In this test, we simulation an advecting uniform gas where radiation and matter are in thermal equilibrium in the co-moving frame. Following the Lorentz tranform, the initial radiation energy and flux in the lab frame to first order in \(v/c\) are \(E_r = a_r T^4\) and \(F_r = \frac{4}{3} v E_r\).

Parameters

\[\begin{aligned} \begin{align} T_0 = 10^7~{\rm K} \\ \rho_0 = 1.2 ~{\rm g~cm^{-3}}, \mu = 2.33 ~m_{\rm H} \\ \kappa_P=\kappa_R=100 \mathrm{~cm}^2 \mathrm{~g}^{-1} \\ v_{x,0} = 10 ~{\rm km~s^{-1}} \\ E_{r,0} = a_r T_0^4 \\ F_{x,0} = \frac{4}{3} v_{x,0} E_{r,0} \\ t_{\rm end} = 4.8 \times 10^{-5} ~{\rm s} \end{align} \end{aligned}\]

Results

With \(O(\beta \tau)\) terms:

The radiation temperature and matter temperatures, along with the exact solution.
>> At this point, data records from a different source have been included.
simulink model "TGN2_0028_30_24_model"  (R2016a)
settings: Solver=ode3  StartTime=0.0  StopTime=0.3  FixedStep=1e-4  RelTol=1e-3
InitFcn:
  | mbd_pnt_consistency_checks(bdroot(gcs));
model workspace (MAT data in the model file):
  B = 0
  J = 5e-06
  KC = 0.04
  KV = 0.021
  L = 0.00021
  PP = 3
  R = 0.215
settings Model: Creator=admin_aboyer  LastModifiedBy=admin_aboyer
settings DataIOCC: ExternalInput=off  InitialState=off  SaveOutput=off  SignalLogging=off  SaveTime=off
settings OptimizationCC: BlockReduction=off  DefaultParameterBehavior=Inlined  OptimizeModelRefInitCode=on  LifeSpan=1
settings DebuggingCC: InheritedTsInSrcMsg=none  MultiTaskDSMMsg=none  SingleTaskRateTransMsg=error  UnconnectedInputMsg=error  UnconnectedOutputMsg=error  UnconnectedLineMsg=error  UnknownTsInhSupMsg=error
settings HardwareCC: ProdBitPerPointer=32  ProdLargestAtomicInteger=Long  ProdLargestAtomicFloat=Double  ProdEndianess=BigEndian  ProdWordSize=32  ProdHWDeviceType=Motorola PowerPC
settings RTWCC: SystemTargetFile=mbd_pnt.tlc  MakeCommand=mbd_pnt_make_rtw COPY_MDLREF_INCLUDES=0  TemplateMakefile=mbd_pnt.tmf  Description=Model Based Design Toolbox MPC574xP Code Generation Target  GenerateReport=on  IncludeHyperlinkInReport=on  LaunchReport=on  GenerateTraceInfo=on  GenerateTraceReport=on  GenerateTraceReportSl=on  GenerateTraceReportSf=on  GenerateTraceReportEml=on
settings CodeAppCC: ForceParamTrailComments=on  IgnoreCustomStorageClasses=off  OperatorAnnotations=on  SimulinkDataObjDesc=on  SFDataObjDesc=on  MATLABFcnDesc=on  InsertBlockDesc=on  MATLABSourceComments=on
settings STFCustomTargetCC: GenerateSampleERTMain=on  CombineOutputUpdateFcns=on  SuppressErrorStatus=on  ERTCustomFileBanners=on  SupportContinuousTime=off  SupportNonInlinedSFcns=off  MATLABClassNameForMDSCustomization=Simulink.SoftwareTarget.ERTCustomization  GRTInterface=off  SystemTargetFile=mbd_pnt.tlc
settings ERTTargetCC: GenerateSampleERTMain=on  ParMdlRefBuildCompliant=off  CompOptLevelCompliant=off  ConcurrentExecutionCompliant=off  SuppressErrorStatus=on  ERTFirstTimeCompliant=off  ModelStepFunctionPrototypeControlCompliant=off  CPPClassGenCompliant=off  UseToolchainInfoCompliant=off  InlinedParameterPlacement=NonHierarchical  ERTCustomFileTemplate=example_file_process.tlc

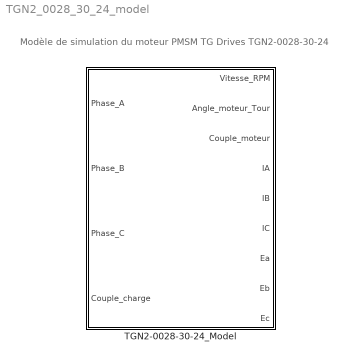
== system TGN2_0028_30_24_model ==
  note: Modèle de simulation du moteur PMSM TG Drives TGN2-0028-30-24
  TGN2-0028-30-24_Model : Subsystem
      mask Display: image('C:\WORKSPACE_MATLAB\PMSM_Workshop\M5\img\PMSM.PNG');

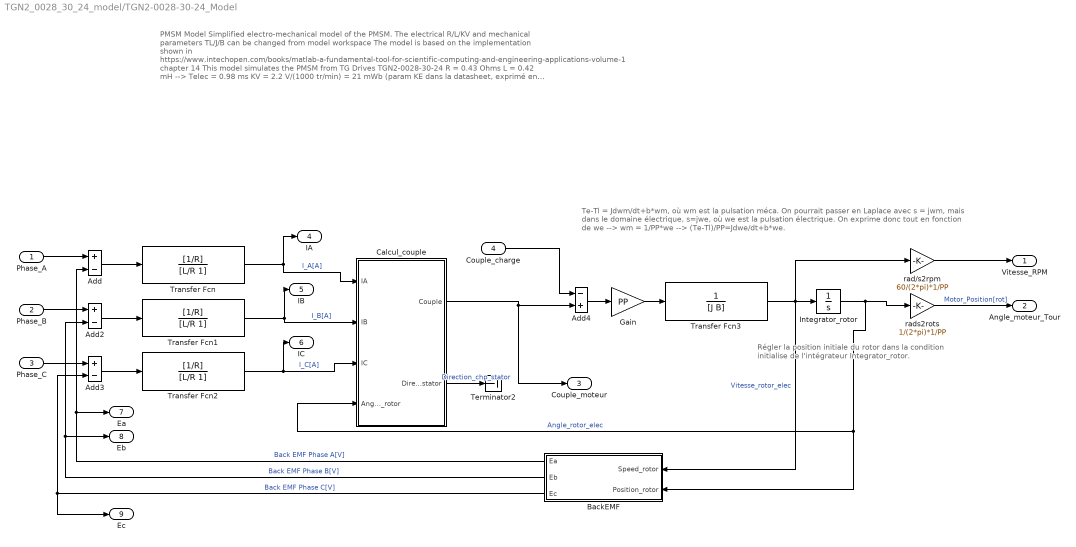
== system TGN2_0028_30_24_model/TGN2-0028-30-24_Model ==
  note: Régler la position initiale du rotor dans la condition
      | initialise de l'intégrateur Integrator_rotor.
  note: Te-Tl = Jdwm/dt+b*wm, où wm est la pulsation méca.
      | On pourrait passer en Laplace avec s = jwm, mais dans le domaine électrique, s=jwe, où we est la pulsation électrique.
      | On exprime donc tout en fonction de we --> wm = 1/PP*we --> (Te-Tl)/PP=Jdwe/dt+b*we.
  note: PMSM Model
      |
      | Simplified electro-mechanical model of the PMSM. The electrical R/L/KV and mechanical parameters TL/J/B can be changed from model workspace
      | The model is based on the implementation shown in https://www.intechopen.com/books/matlab-a-fundamental-tool-for-scientific-computing-and-engineering-applications-volume-1
      | chapter 14
      |
      | This model simulates the PMSM from TG Drives TGN2-0028-30-24
      | R = 0.43 Ohms
      | L = 0.42 mH --> Telec = 0.98 ms
      | KV = 2.2 V/(1000 tr/min) = 21 mWb (param KE dans la datasheet, exprimé en V/(1000x tr.min^1)
      | KC = 40 mNm/A (constante de couple)
      | J = 5e-6 kg*m^2
      | B = 1.79e-3 Nm/rad*s^-1 --> Tmeca = 2.8 ms
      | pp = 1 (pole pairs per phase)
  Phase_A : Inport
  Phase_B : Inport  Port=2
  Phase_C : Inport  Port=3
  Couple_charge : Inport  Port=4
  Add : Sum  Inputs=+-
  Add2 : Sum  Inputs=+-
  Add3 : Sum  Inputs=+-
  Add4 : Sum  Inputs=-+
  BackEMF : Subsystem
  Calcul_couple : Subsystem
  Gain : Gain  Gain=PP
  Integrator_rotor : Integrator  InitialCondition=-pi/2
  Terminator2 : Terminator
  Transfer Fcn : TransferFcn  Numerator=[1/R]  Denominator=[L/R 1]
  Transfer Fcn1 : TransferFcn  Numerator=[1/R]  Denominator=[L/R 1]
  Transfer Fcn2 : TransferFcn  Numerator=[1/R]  Denominator=[L/R 1]
  Transfer Fcn3 : TransferFcn  Denominator=[J B]
  rad/s2rpm : Gain  Gain=60/(2*pi)*1/PP
  rads2rots : Gain  Gain=1/(2*pi)*1/PP
  Vitesse_RPM : Outport
  Angle_moteur_Tour : Outport  Port=2
  Couple_moteur : Outport  Port=3
  IA : Outport  Port=4
  IB : Outport  Port=5
  IC : Outport  Port=6
  Ea : Outport  Port=7
  Eb : Outport  Port=8
  Ec : Outport  Port=9
  wires:
  Add/1 -> Transfer Fcn/1
  Phase_A/1 -> Add/1
  Transfer Fcn/1 -> Calcul_couple/1(IA), IA/1  "I_A[A]"
  Transfer Fcn1/1 -> IB/1, Calcul_couple/2(IB)  "I_B[A]"
  Add2/1 -> Transfer Fcn1/1
  Add3/1 -> Transfer Fcn2/1
  Transfer Fcn2/1 -> IC/1, Calcul_couple/3(IC)  "I_C[A]"
  Phase_B/1 -> Add2/1
  Phase_C/1 -> Add3/1
  Couple_charge/1 -> Add4/1
  Add4/1 -> Gain/1
  Gain/1 -> Transfer Fcn3/1
  Transfer Fcn3/1 -> BackEMF/1(Speed_rotor), rad/s2rpm/1, Integrator_rotor/1  "Vitesse_rotor_elec"
  Calcul_couple/1(Couple) -> Couple_moteur/1, Add4/2
  BackEMF/3(Ec) -> Add3/2, Ec/1  "Back EMF Phase C[V]"
  BackEMF/1(Ea) -> Ea/1, Add/2  "Back EMF Phase A[V]"
  BackEMF/2(Eb) -> Eb/1, Add2/2  "Back EMF Phase B[V]"
  rad/s2rpm/1 -> Vitesse_RPM/1
  Integrator_rotor/1 -> BackEMF/2(Position_rotor), Calcul_couple/4(Angle_rotor), rads2rots/1  "Angle_rotor_elec"
  rads2rots/1 -> Angle_moteur_Tour/1  "Motor_Position[rot]"
  Calcul_couple/2(Direction_Chp_stator) -> Terminator2/1  "Direction_chp_stator"

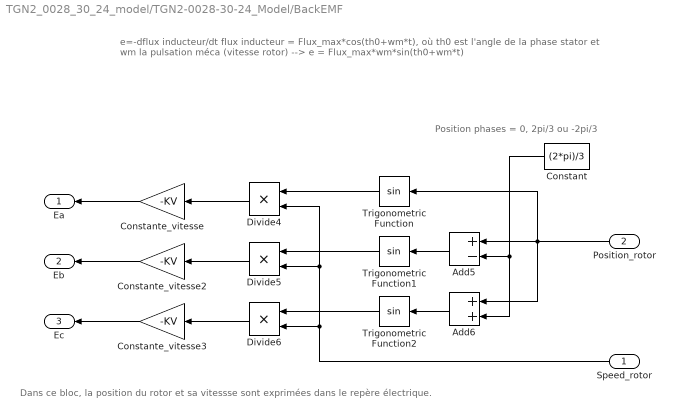
== system TGN2_0028_30_24_model/TGN2-0028-30-24_Model/BackEMF ==
  note: Dans ce bloc, la position du rotor et sa vitessse sont exprimées dans le repère électrique.
  note: e=-dflux inducteur/dt
      | flux inducteur = Flux_max*cos(th0+wm*t), où th0 est l'angle de la phase stator et wm la pulsation méca (vitesse rotor)
      | --> e = Flux_max*wm*sin(th0+wm*t)
  note: Position phases = 0, 2pi/3 ou -2pi/3
  Speed_rotor : Inport
  Position_rotor : Inport  Port=2
  Add5 : Sum  Inputs=+-
  Add6 : Sum
  Constant : Constant  Value=(2*pi)/3
  Constante_vitesse : Gain  Gain=-KV
  Constante_vitesse2 : Gain  Gain=-KV
  Constante_vitesse3 : Gain  Gain=-KV
  Divide4 : Product  Inputs=**
  Divide5 : Product  Inputs=**
  Divide6 : Product  Inputs=**
  Trigonometric Function : Trigonometry
  Trigonometric Function1 : Trigonometry
  Trigonometric Function2 : Trigonometry
  Ea : Outport
  Eb : Outport  Port=2
  Ec : Outport  Port=3
  wires:
  Divide4/1 -> Constante_vitesse/1
  Divide6/1 -> Constante_vitesse3/1
  Trigonometric Function2/1 -> Divide6/1
  Constante_vitesse3/1 -> Ec/1
  Speed_rotor/1 -> Divide4/2, Divide5/2, Divide6/2
  Constante_vitesse2/1 -> Eb/1
  Divide5/1 -> Constante_vitesse2/1
  Constant/1 -> Add6/2, Add5/2
  Add6/1 -> Trigonometric Function2/1
  Trigonometric Function/1 -> Divide4/1
  Add5/1 -> Trigonometric Function1/1
  Constante_vitesse/1 -> Ea/1
  Trigonometric Function1/1 -> Divide5/1
  Position_rotor/1 -> Add5/1, Trigonometric Function/1, Add6/1

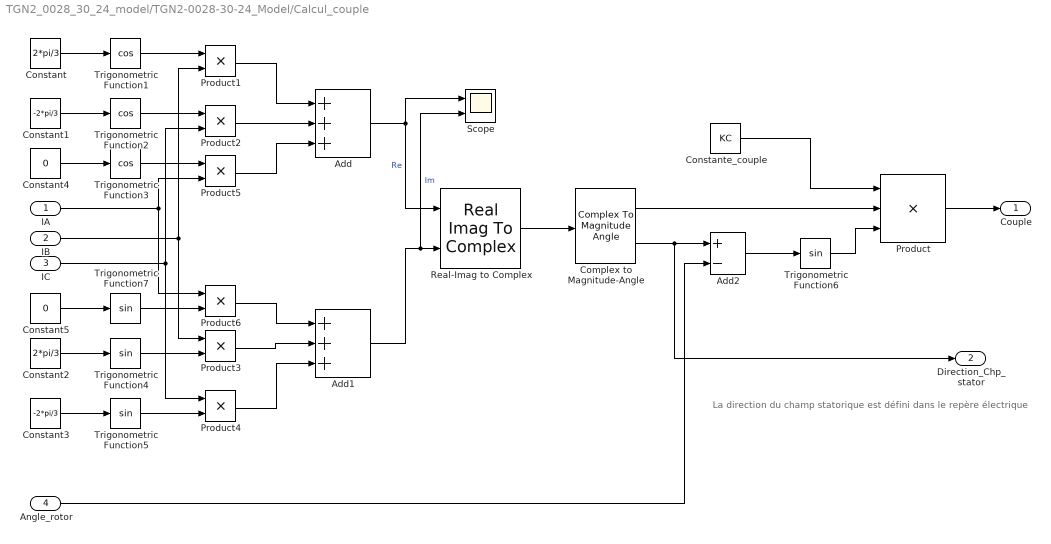
== system TGN2_0028_30_24_model/TGN2-0028-30-24_Model/Calcul_couple ==
  note: La direction du champ statorique est défini dans le repère électrique
  IA : Inport
  IB : Inport  Port=2
  IC : Inport  Port=3
  Angle_rotor : Inport  Port=4
  Add : Sum  Inputs=+++
  Add1 : Sum  Inputs=+++
  Add2 : Sum  Inputs=+-
  Complex to Magnitude-Angle : ComplexToMagnitudeAngle
  Constant : Constant  Value=2*pi/3
  Constant1 : Constant  Value=-2*pi/3
  Constant2 : Constant  Value=2*pi/3
  Constant3 : Constant  Value=-2*pi/3
  Constant4 : Constant  Value=0
  Constant5 : Constant  Value=0
  Constante_couple : Constant  Value=KC
  Product : Product  Inputs=3
  Product{1..6} (6 alike) : Product
  Real-Imag to Complex : RealImagToComplex
  Scope : Scope  NumInputPorts=2
  Trigonometric Function1 : Trigonometry  Operator=cos
  Trigonometric Function2 : Trigonometry  Operator=cos
  Trigonometric Function3 : Trigonometry  Operator=cos
  Trigonometric Function{4..7} (4 alike) : Trigonometry
  Couple : Outport
  Direction_Chp_stator : Outport  Port=2
  wires:
  Add/1 -> Real-Imag to Complex/1, Scope/1  "Re"
  Add1/1 -> Scope/2, Real-Imag to Complex/2  "Im"
  Real-Imag to Complex/1 -> Complex to Magnitude-Angle/1
  Complex to Magnitude-Angle/2 -> Direction_Chp_stator/1, Add2/1
  Angle_rotor/1 -> Add2/2
  Add2/1 -> Trigonometric Function6/1
  Complex to Magnitude-Angle/1 -> Product/2
  Trigonometric Function6/1 -> Product/3
  Constante_couple/1 -> Product/1
  Product/1 -> Couple/1
  Constant1/1 -> Trigonometric Function2/1
  Constant/1 -> Trigonometric Function1/1
  Trigonometric Function1/1 -> Product1/1
  Trigonometric Function2/1 -> Product2/1
  IB/1 -> Product1/2, Product3/1
  IC/1 -> Product4/1, Product2/2
  Product1/1 -> Add/1
  Product2/1 -> Add/2
  Constant3/1 -> Trigonometric Function5/1
  Constant2/1 -> Trigonometric Function4/1
  Trigonometric Function4/1 -> Product3/2
  Trigonometric Function5/1 -> Product4/2
  Product3/1 -> Add1/2
  Product4/1 -> Add1/3
  Constant4/1 -> Trigonometric Function3/1
  Trigonometric Function3/1 -> Product5/1
  IA/1 -> Product6/1, Product5/2
  Product5/1 -> Add/3
  Trigonometric Function7/1 -> Product6/2
  Constant5/1 -> Trigonometric Function7/1
  Product6/1 -> Add1/1
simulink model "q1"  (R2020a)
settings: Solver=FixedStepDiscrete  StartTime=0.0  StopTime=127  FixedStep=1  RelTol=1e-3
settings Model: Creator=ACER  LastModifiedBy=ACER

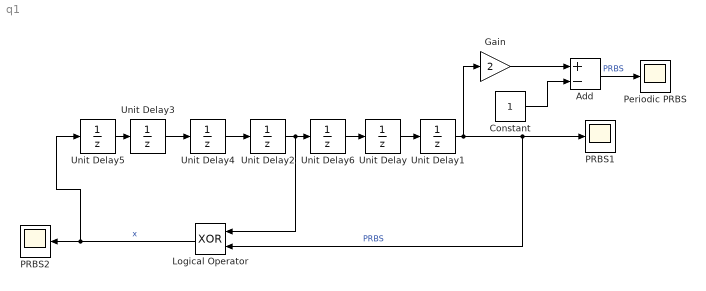
== system q1 ==
  Add : Sum  Inputs=+-
  Constant : Constant
  Gain : Gain  Gain=2
  Logical Operator : Logic  Operator=XOR  AllPortsSameDT=off  OutDataTypeStr=boolean
  PRBS1 : Scope
  PRBS2 : Scope
  Periodic PRBS : Scope
  Unit Delay{,1,4..6} (5 alike) : UnitDelay  InitialCondition=1  SampleTime=-1  HasFrameUpgradeWarning=on
  Unit Delay2 : UnitDelay  SampleTime=-1  HasFrameUpgradeWarning=on
  Unit Delay3 : UnitDelay  SampleTime=-1  HasFrameUpgradeWarning=on
  wires:
  Logical Operator/1 -> Unit Delay5/1, PRBS2/1  "x"
  Unit Delay/1 -> Unit Delay1/1
  Unit Delay2/1 -> Logical Operator/1, Unit Delay6/1
  Unit Delay1/1 -> Gain/1, Logical Operator/2, PRBS1/1  "PRBS"
  Gain/1 -> Add/1
  Add/1 -> Periodic PRBS/1  "PRBS"
  Constant/1 -> Add/2
  Unit Delay3/1 -> Unit Delay4/1
  Unit Delay4/1 -> Unit Delay2/1
  Unit Delay5/1 -> Unit Delay3/1
  Unit Delay6/1 -> Unit Delay/1
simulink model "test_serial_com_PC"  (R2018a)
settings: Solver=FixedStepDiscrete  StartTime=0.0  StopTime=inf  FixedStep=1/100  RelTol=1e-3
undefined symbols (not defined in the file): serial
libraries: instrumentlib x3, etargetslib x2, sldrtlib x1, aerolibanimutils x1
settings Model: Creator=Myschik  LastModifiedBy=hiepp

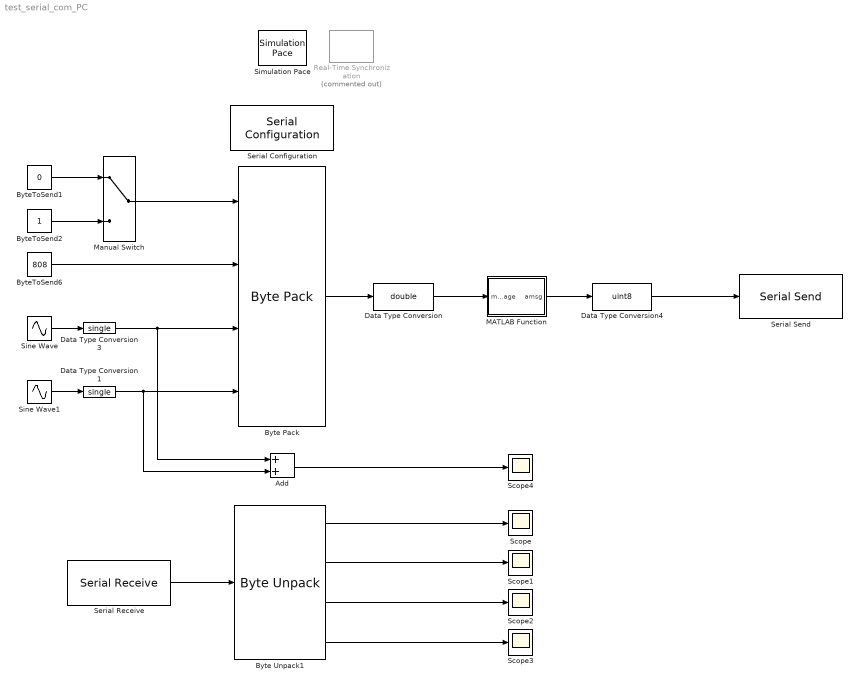
== system test_serial_com_PC ==
  Add : Sum
  Byte Pack : etargetslib/Byte Pack  datatypes={'single','single','single','single'}  byteAlign=1
  Byte Unpack1 : etargetslib/Byte Unpack  dimensions={[1],[1],[1],[1]}  datatypes={'single','single','single','single'}  byteAlign=1
  ByteToSend1 : Constant  Value=0  OutDataTypeStr=single  SampleTime=-1
  ByteToSend2 : Constant  OutDataTypeStr=single  SampleTime=-1
  ByteToSend6 : Constant  Value=808  OutDataTypeStr=single  SampleTime=-1
  Data Type Conversion : DataTypeConversion  OutDataTypeStr=double
  Data Type Conversion1 : DataTypeConversion  OutDataTypeStr=single
  Data Type Conversion3 : DataTypeConversion  OutDataTypeStr=single
  Data Type Conversion4 : DataTypeConversion  OutDataTypeStr=uint8
  MATLAB Function : MATLAB Function  TreatAsAtomicUnit=on
  Manual Switch : ManualSwitch
  Real-Time Synchronization : sldrtlib/Real-Time Synchronization  Commented=on  SampleTime=0.1  MaxMissedTicks=10  ShowMissedTicks=off  YieldWhenWaiting=off
  Scope{,1..4} (5 alike) : Scope
  Serial Configuration : instrumentlib/Serial Configuration  Priority=-200000  ComPortMenu=COM4  ComPort=COM4  ObjConstructor=serial('COM4');  BaudRate=115200  DataBits=8  Parity=none  StopBits=1  FlowControl=none  Timeout=10  ByteOrder=LittleEndian
  Serial Receive : instrumentlib/Serial Receive  ComPortMenu=COM4  ComPort=COM4  ObjConstructor=serial('COM4');  Terminator=<none>  DataSize=16  DataType=uint8  EnableBlockingMode=on  ActionDataUnavailable=Output last received value  CustomValue=0  SampleTime=0.01
  Serial Send : instrumentlib/Serial Send  ComPortMenu=COM4  ComPort=COM4  ObjConstructor=serial('COM4');  Header=\nn  Terminator=<none>  EnableBlockingMode=off
  Simulation Pace : aerolibanimutils/Simulation Pace  SimulationPace=1  SleepMode=MATLAB Thread  OutputPaceError=off  SampleTime=-1
  Sine Wave : Sin  Amplitude=10  SampleTime=0
  Sine Wave1 : Sin  Amplitude=10  Frequency=2  Phase=45*pi/180  SampleTime=0
  wires:
  Sine Wave/1 -> Data Type Conversion3/1
  Sine Wave1/1 -> Data Type Conversion1/1
  Data Type Conversion3/1 -> Add/1, Byte Pack/3
  ByteToSend6/1 -> Byte Pack/2
  MATLAB Function/1(amsg) -> Data Type Conversion4/1
  Byte Pack/1 -> Data Type Conversion/1
  Data Type Conversion/1 -> MATLAB Function/1(message)
  Data Type Conversion4/1 -> Serial Send/1
  Data Type Conversion1/1 -> Add/2, Byte Pack/4
  Serial Receive/1 -> Byte Unpack1/1
  Add/1 -> Scope4/1
  ByteToSend1/1 -> Manual Switch/1
  ByteToSend2/1 -> Manual Switch/2
  Manual Switch/1 -> Byte Pack/1
  Byte Unpack1/4 -> Scope3/1
  Byte Unpack1/3 -> Scope2/1
  Byte Unpack1/2 -> Scope1/1
  Byte Unpack1/1 -> Scope/1

== matlab function test_serial_com_PC/MATLAB Function ==
  data: message input; amsg output
function amsg = crc_Calc(message)
% Appends the crc (Low byte, high byte) to message for modbus
% communication. Message is an array of bytes. Developed for (but not
% limmited to) use with a watlow 96 controller.
amsg = zeros(18,1);
N = length(message);
Crc_ui16LookupTable=[0,4129,8258,12387,16516,20645,24774,28903,33032,37161,41290,45419,49548,...
    53677,57806,61935,4657,528,12915,8786,21173,17044,29431,25302,37689,33560,45947,41818,54205,...
    50076,62463,58334,9314,13379,1056,5121,25830,29895,17572,21637,42346,46411,34088,38153,58862,...
    62927,50604,54669,13907,9842,5649,1584,30423,26358,22165,18100,46939,42874,38681,34616,63455,...
    59390,55197,51132,18628,22757,26758,30887,2112,6241,10242,14371,51660,55789,59790,63919,35144,...
    39273,43274,47403,23285,19156,31415,27286,6769,2640,14899,10770,56317,52188,64447,60318,39801,...
    35672,47931,43802,27814,31879,19684,23749,11298,15363,3168,7233,60846,64911,52716,56781,44330,...
    48395,36200,40265,32407,28342,24277,20212,15891,11826,7761,3696,65439,61374,57309,53244,48923,...
    44858,40793,36728,37256,33193,45514,41451,53516,49453,61774,57711,4224,161,12482,8419,20484,...
    16421,28742,24679,33721,37784,41979,46042,49981,54044,58239,62302,689,4752,8947,13010,16949,...
    21012,25207,29270,46570,42443,38312,34185,62830,58703,54572,50445,13538,9411,5280,1153,29798,...
    25671,21540,17413,42971,47098,34713,38840,59231,63358,50973,55100,9939,14066,1681,5808,26199,...
    30326,17941,22068,55628,51565,63758,59695,39368,35305,47498,43435,22596,18533,30726,26663,6336,...
    2273,14466,10403,52093,56156,60223,64286,35833,39896,43963,48026,19061,23124,27191,31254,2801,6864,...
    10931,14994,64814,60687,56684,52557,48554,44427,40424,36297,31782,27655,23652,19525,15522,11395,...
    7392,3265,61215,65342,53085,57212,44955,49082,36825,40952,28183,32310,20053,24180,11923,16050,3793,7920];

data=[message]; % ~ string '1 2 3 4 5 6 7 8 9'

ui16RetCRC16 = hex2dec('0000');
for I=1:length(data)
    ui8LookupTableIndex = bitxor(data(I),uint8(bitshift(ui16RetCRC16,-8)));
    ui16RetCRC16 = bitxor(Crc_ui16LookupTable(double(ui8LookupTableIndex)+1),mod(bitshift(ui16RetCRC16,8),65536));
end

lowByte = bitand(ui16RetCRC16,hex2dec('ff'));
highByte = bitshift(bitand(ui16RetCRC16,hex2dec('ff00')),-8);

% 
% lowByte = bitand(crc,hex2dec('ff'));
% highByte = bitshift(bitand(crc,hex2dec('ff00')),-8);

amsg(1:N) = message;
amsg(N+1) = lowByte;
amsg(N+2) = highByte;

The matter velocity, along with the exact solution.

Without \(O(\beta \tau)\) terms:

The radiation temperature and matter temperatures, along with the exact solution.

The matter velocity, along with the exact solution.

Physics

In the transport equation, both the radiation energy and flux are unchanged because the radiation flux and pressure are uniform. In the matter-radiation exchange step, the source term is zero since the radiation and matter are in equilibrium. Finally, the flux is updated following

\[\mathbf{F}_{r}^{(t+1)} = \frac{\mathbf{F}_{r}^{(t)} + \Delta t \left[ \rho \kappa_P \left(\frac{4 \pi B}{c}\right) \mathbf{v}c + \rho \kappa_F (\mathbf{v} :\mathsf{P}_r) c \right] }{1+\rho \kappa_{F} {c} \Delta t}.\]

With \(F_{r}^{(t)} = 4 v E_{r}^{(t)} / 3\), and \(\kappa_P=\kappa_R=\kappa\), we have

\[\mathbf{F}_{r}^{(t+1)} = \frac{\frac{4}{3} v E_r^{(t)} + \Delta t \left[ \rho \kappa E_r^{(t)} \mathbf{v}c + \rho \kappa \mathbf{v} (\frac{1}{3}E_r^{(t)}) c \right] }{1+\rho \kappa {c} \Delta t} = \frac{4}{3} v E_r^{(t)} = F_{r}^{(t)}\]

Therefore, \(F_r\) remains constant. This demonstrates that the code is invariant under Lorentz transformation.

We can also show that, with the \(O(\beta \tau)\) terms in the matter-radiation exchange step, the space-like component of the radiation four-force vanishes:

\[\begin{aligned} \begin{align} -G &= -\rho \kappa_F \frac{\mathbf{F}_r}{c} + \rho \kappa_P\left(\frac{4 \pi B}{c}\right) \frac{\mathbf{v}}{c}+\rho \kappa_F \frac{\mathbf{v} :\mathsf{P}_r}{c} \\ &= -\rho \kappa \frac{4}{3} E_r v / c + \rho \kappa E_r v / c+ \rho \kappa \frac{1}{3} E_r v / c \\ &= 0 \end{align} \end{aligned}\]